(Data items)
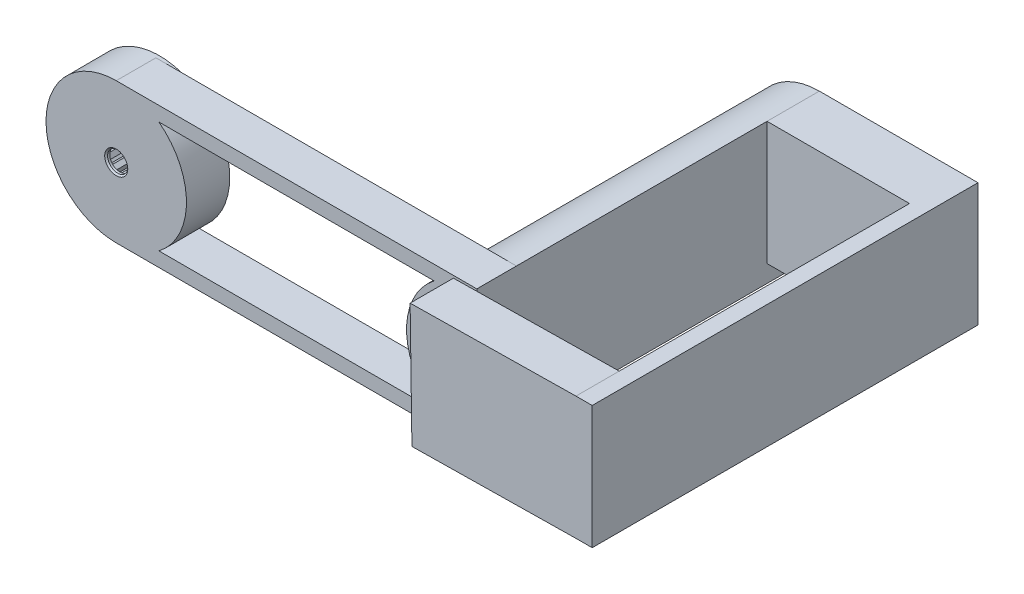
from build123d import *

# Parameters (mm, degrees)
ESQUISSE1_R        = 9.739786638
BOSS_EXTRU_1_DEPTH = 5.5
ESQUISSE2_R        = 9.739786638
ESQUISSE2_R_2      = 1.4
BOSS_EXTRU_2_DEPTH = 0.5
CHANFREIN1_SIZE    = 0.2
BOSS_EXTRU_3_START = -5.5
BOSS_EXTRU_3_DEPTH = 5.5
BOSS_EXTRU_4_START = 42
BOSS_EXTRU_4_DEPTH = 42
BOSS_EXTRU_5_DEPTH = 22
BOSS_EXTRU_6_DEPTH = 46.25
ESQUISSE7_W        = 6
ESQUISSE7_H        = 17.089185867
BOSS_EXTRU_7_DEPTH = 23


with BuildPart() as part:
    # Esquisse1 → Boss.-Extru.1 (new body)
    with BuildSketch(Plane.XY):
        with Locations((-10.25, -10)):
            Circle(ESQUISSE1_R)
        with BuildLine():
            Line((-5.751675839, -9.877200395), (-6.833750507, -9.782531128))
            Line((-6.833750507, -9.782531128), (-6.949445107, -9.126394451))
            Line((-6.949445107, -9.126394451), (-5.953521963, -8.661987862))
            ThreePointArc((-5.953521963, -8.661987862), (-6.006634107, -8.502052772), (-6.065697468, -8.344218516))
            Line((-6.065697468, -8.344218516), (-7.138261768, -8.631611254))
            Line((-7.138261768, -8.631611254), (-7.47139109, -8.054614344))
            Line((-7.47139109, -8.054614344), (-6.678798898, -7.262022153))
            ThreePointArc((-6.678798898, -7.262022153), (-6.782621037, -7.131675902), (-6.891198054, -7.005263035))
            Line((-6.891198054, -7.005263035), (-7.818046533, -7.654249327))
            Line((-7.818046533, -7.654249327), (-8.328430264, -7.225986526))
            Line((-8.328430264, -7.225986526), (-7.847635402, -6.194918616))
            ThreePointArc((-7.847635402, -6.194918616), (-7.988951343, -6.109285545), (-8.133315872, -6.028898352))
            Line((-8.133315872, -6.028898352), (-8.791112727, -6.968329619))
            Line((-8.791112727, -6.968329619), (-9.417191057, -6.740455742))
            Line((-9.417191057, -6.740455742), (-9.317216173, -5.597737589))
            ThreePointArc((-9.317216173, -5.597737589), (-9.478728542, -5.566588183), (-9.641271425, -5.541362369))
            Line((-9.641271425, -5.541362369), (-9.940094206, -6.656584169))
            Line((-9.940094206, -6.656584169), (-10.606352849, -6.656584169))
            Line((-10.606352849, -6.656584169), (-10.903477232, -5.547700874))
            ThreePointArc((-10.903477232, -5.547700874), (-11.065761738, -5.574558464), (-11.226956242, -5.607329229))
            Line((-11.226956242, -5.607329229), (-11.126406846, -6.756614081))
            Line((-11.126406846, -6.756614081), (-11.752485176, -6.984487958))
            Line((-11.752485176, -6.984487958), (-12.406540122, -6.050400691))
            ThreePointArc((-12.406540122, -6.050400691), (-12.550096477, -6.132241451), (-12.690551241, -6.219297732))
            Line((-12.690551241, -6.219297732), (-12.206963835, -7.256354271))
            Line((-12.206963835, -7.256354271), (-12.717347566, -7.684617071))
            Line((-12.717347566, -7.684617071), (-13.638885709, -7.039349117))
            ThreePointArc((-13.638885709, -7.039349117), (-13.74618945, -7.166864047), (-13.848697947, -7.298264801))
            Line((-13.848697947, -7.298264801), (-13.051434053, -8.095528695))
            Line((-13.051434053, -8.095528695), (-13.384563375, -8.672525605))
            Line((-13.384563375, -8.672525605), (-14.450903238, -8.3868007))
            ThreePointArc((-14.450903238, -8.3868007), (-14.508366703, -8.545244687), (-14.559856563, -8.705729393))
            Line((-14.559856563, -8.705729393), (-13.557961929, -9.172920534))
            Line((-13.557961929, -9.172920534), (-13.673656528, -9.829057211))
            Line((-13.673656528, -9.829057211), (-14.74934404, -9.923167674))
            ThreePointArc((-14.74934404, -9.923167674), (-14.749021481, -10.093838761), (-14.74222728, -10.264374865))
            Line((-14.74222728, -10.264374865), (-13.665452724, -10.358580432))
            Line((-13.665452724, -10.358580432), (-13.549758125, -11.014717109))
            Line((-13.549758125, -11.014717109), (-14.506309194, -11.460764198))
            ThreePointArc((-14.506309194, -11.460764198), (-14.447094307, -11.623083293), (-14.381691786, -11.78300953))
            Line((-14.381691786, -11.78300953), (-13.360941463, -11.509500306))
            Line((-13.360941463, -11.509500306), (-13.027812142, -12.086497216))
            Line((-13.027812142, -12.086497216), (-13.758807936, -12.817493011))
            ThreePointArc((-13.758807936, -12.817493011), (-13.646852578, -12.951506829), (-13.529782028, -13.081076086))
            Line((-13.529782028, -13.081076086), (-12.681156698, -12.486862233))
            Line((-12.681156698, -12.486862233), (-12.170772967, -12.915125033))
            Line((-12.170772967, -12.915125033), (-12.600738895, -13.837189942))
            ThreePointArc((-12.600738895, -13.837189942), (-12.448909121, -13.926168447), (-12.293716433, -14.009142444))
            Line((-12.293716433, -14.009142444), (-11.708090504, -13.172781941))
            Line((-11.708090504, -13.172781941), (-11.082012174, -13.400655818))
            Line((-11.082012174, -13.400655818), (-11.169878896, -14.404977051))
            ThreePointArc((-11.169878896, -14.404977051), (-10.996236031, -14.437694422), (-10.821442589, -14.463569577))
            Line((-10.821442589, -14.463569577), (-10.559109026, -13.48452739))
            Line((-10.559109026, -13.48452739), (-9.892850383, -13.48452739))
            Line((-9.892850383, -13.48452739), (-9.632173683, -14.457386077))
            ThreePointArc((-9.632173683, -14.457386077), (-9.45766281, -14.42969545), (-9.284373537, -14.395175256))
            Line((-9.284373537, -14.395175256), (-9.372796385, -13.384497479))
            Line((-9.372796385, -13.384497479), (-8.746718055, -13.156623602))
            Line((-8.746718055, -13.156623602), (-8.164782025, -13.987714383))
            ThreePointArc((-8.164782025, -13.987714383), (-8.010469052, -13.903139907), (-7.859580663, -13.812596936))
            Line((-7.859580663, -13.812596936), (-8.292239396, -12.884757289))
            Line((-8.292239396, -12.884757289), (-7.781855665, -12.456494489))
            Line((-7.781855665, -12.456494489), (-6.938532496, -13.046995729))
            ThreePointArc((-6.938532496, -13.046995729), (-6.822819391, -12.916236114), (-6.712266113, -12.78108593))
            Line((-6.712266113, -12.78108593), (-7.447769178, -12.045582865))
            Line((-7.447769178, -12.045582865), (-7.114639857, -11.468585954))
            Line((-7.114639857, -11.468585954), (-6.100183444, -11.740408731))
            ThreePointArc((-6.100183444, -11.740408731), (-6.036436962, -11.579837499), (-5.978900904, -11.416937723))
            Line((-5.978900904, -11.416937723), (-6.941241303, -10.968191026))
            Line((-6.941241303, -10.968191026), (-6.825546704, -10.312054348))
            Line((-6.825546704, -10.312054348), (-5.755303948, -10.21842024))
            ThreePointArc((-5.755303948, -10.21842024), (-5.750254354, -10.04784472), (-5.751675839, -9.877200395))
        make_face(mode=Mode.SUBTRACT)
    extrude(amount=BOSS_EXTRU_1_DEPTH)

    # Esquisse2 → Boss.-Extru.2 (add)
    with BuildSketch(Plane.XY.offset(5.5)):
        with Locations((-10.25, -10)):
            Circle(ESQUISSE2_R)
        with Locations((-10.249601616, -10.07055578)):
            Circle(ESQUISSE2_R_2, mode=Mode.SUBTRACT)
    extrude(amount=BOSS_EXTRU_2_DEPTH)

    # Chanfrein1
    chanfrein1_edges = [part.edges().sort_by_distance(p)[0] for p in [
        (-11.649601616, -10.07055578, 6),
    ]]
    chamfer(chanfrein1_edges, length=CHANFREIN1_SIZE)

    # Esquisse3 → Boss.-Extru.3 (add)
    with BuildSketch(Plane.XY.offset(6).offset(BOSS_EXTRU_3_START)):
        with BuildLine():
            Line((-10.25, -0.260213362), (39.75, -0.260213362))
            Line((39.75, -0.260213362), (39.75, -19.739786638))
            Line((39.75, -19.739786638), (-10.25, -19.739786638))
            ThreePointArc((-10.25, -19.739786638), (-19.989786638, -10), (-10.25, -0.260213362))
        make_face()
        with BuildLine():
            Line((33.837373972, -17.739786638), (-10.25, -17.739786638))
            ThreePointArc((-10.25, -17.739786638), (-17.989786638, -10), (-10.25, -2.260213362))
            Line((-10.25, -2.260213362), (33.837373972, -2.260213362))
            ThreePointArc((33.837373972, -2.260213362), (30.010213362, -10), (33.837373972, -17.739786638))
        make_face(mode=Mode.SUBTRACT)
    extrude(amount=BOSS_EXTRU_3_DEPTH)

    # Esquisse4 → Boss.-Extru.4 (add)
    with BuildSketch(Plane(origin=(0, 0, 0.5), x_dir=(-1, 0, 0), z_dir=(0, 0, -1)).offset(BOSS_EXTRU_4_START)):
        with BuildLine():
            Line((-39.75, -0.260213362), (-39.75, -19.739786638))
            ThreePointArc((-39.75, -19.739786638), (-30.010213362, -10), (-39.75, -0.260213362))
        make_face()
    extrude(amount=-BOSS_EXTRU_4_DEPTH)

    # Esquisse5 → Boss.-Extru.5 (add)
    with BuildSketch(Plane(origin=(39.75, 0, 0), x_dir=(0, 0, -1), z_dir=(1, 0, 0))):
        Polygon((34.25, -0.260213362), (34.25, -17.347570489), (39.5, -17.347570489), (41.5, -17.347570489), (41.5, -0.260213362), align=None)
    extrude(amount=BOSS_EXTRU_5_DEPTH)

    # Esquisse6 → Boss.-Extru.6 (add)
    with BuildSketch(Plane.XY.offset(-34.25)):
        Polygon((61.75, -0.260213362), (59.5, -0.260213362), (59.75, -17.347570489), (61.75, -17.347570489), align=None)
    extrude(amount=BOSS_EXTRU_6_DEPTH)

    # Esquisse7 → Boss.-Extru.7 (add)
    with BuildSketch(Plane(origin=(59.483460022, 0.870284673, 0), x_dir=(0, 0, 1), z_dir=(-0.9998929884849062, -0.014629134585590956, 0))):
        with Locations((9, -9.675211958)):
            Rectangle(ESQUISSE7_W, ESQUISSE7_H)
    extrude(amount=BOSS_EXTRU_7_DEPTH)


solid = part.part

Exercise:
Search the records for the word "align", then list every line that has it.

Solution to the exercise:
        Polygon((34.25, -0.260213362), (34.25, -17.347570489), (39.5, -17.347570489), (41.5, -17.347570489), (41.5, -0.260213362), align=None)
        Polygon((61.75, -0.260213362), (59.5, -0.260213362), (59.75, -17.347570489), (61.75, -17.347570489), align=None)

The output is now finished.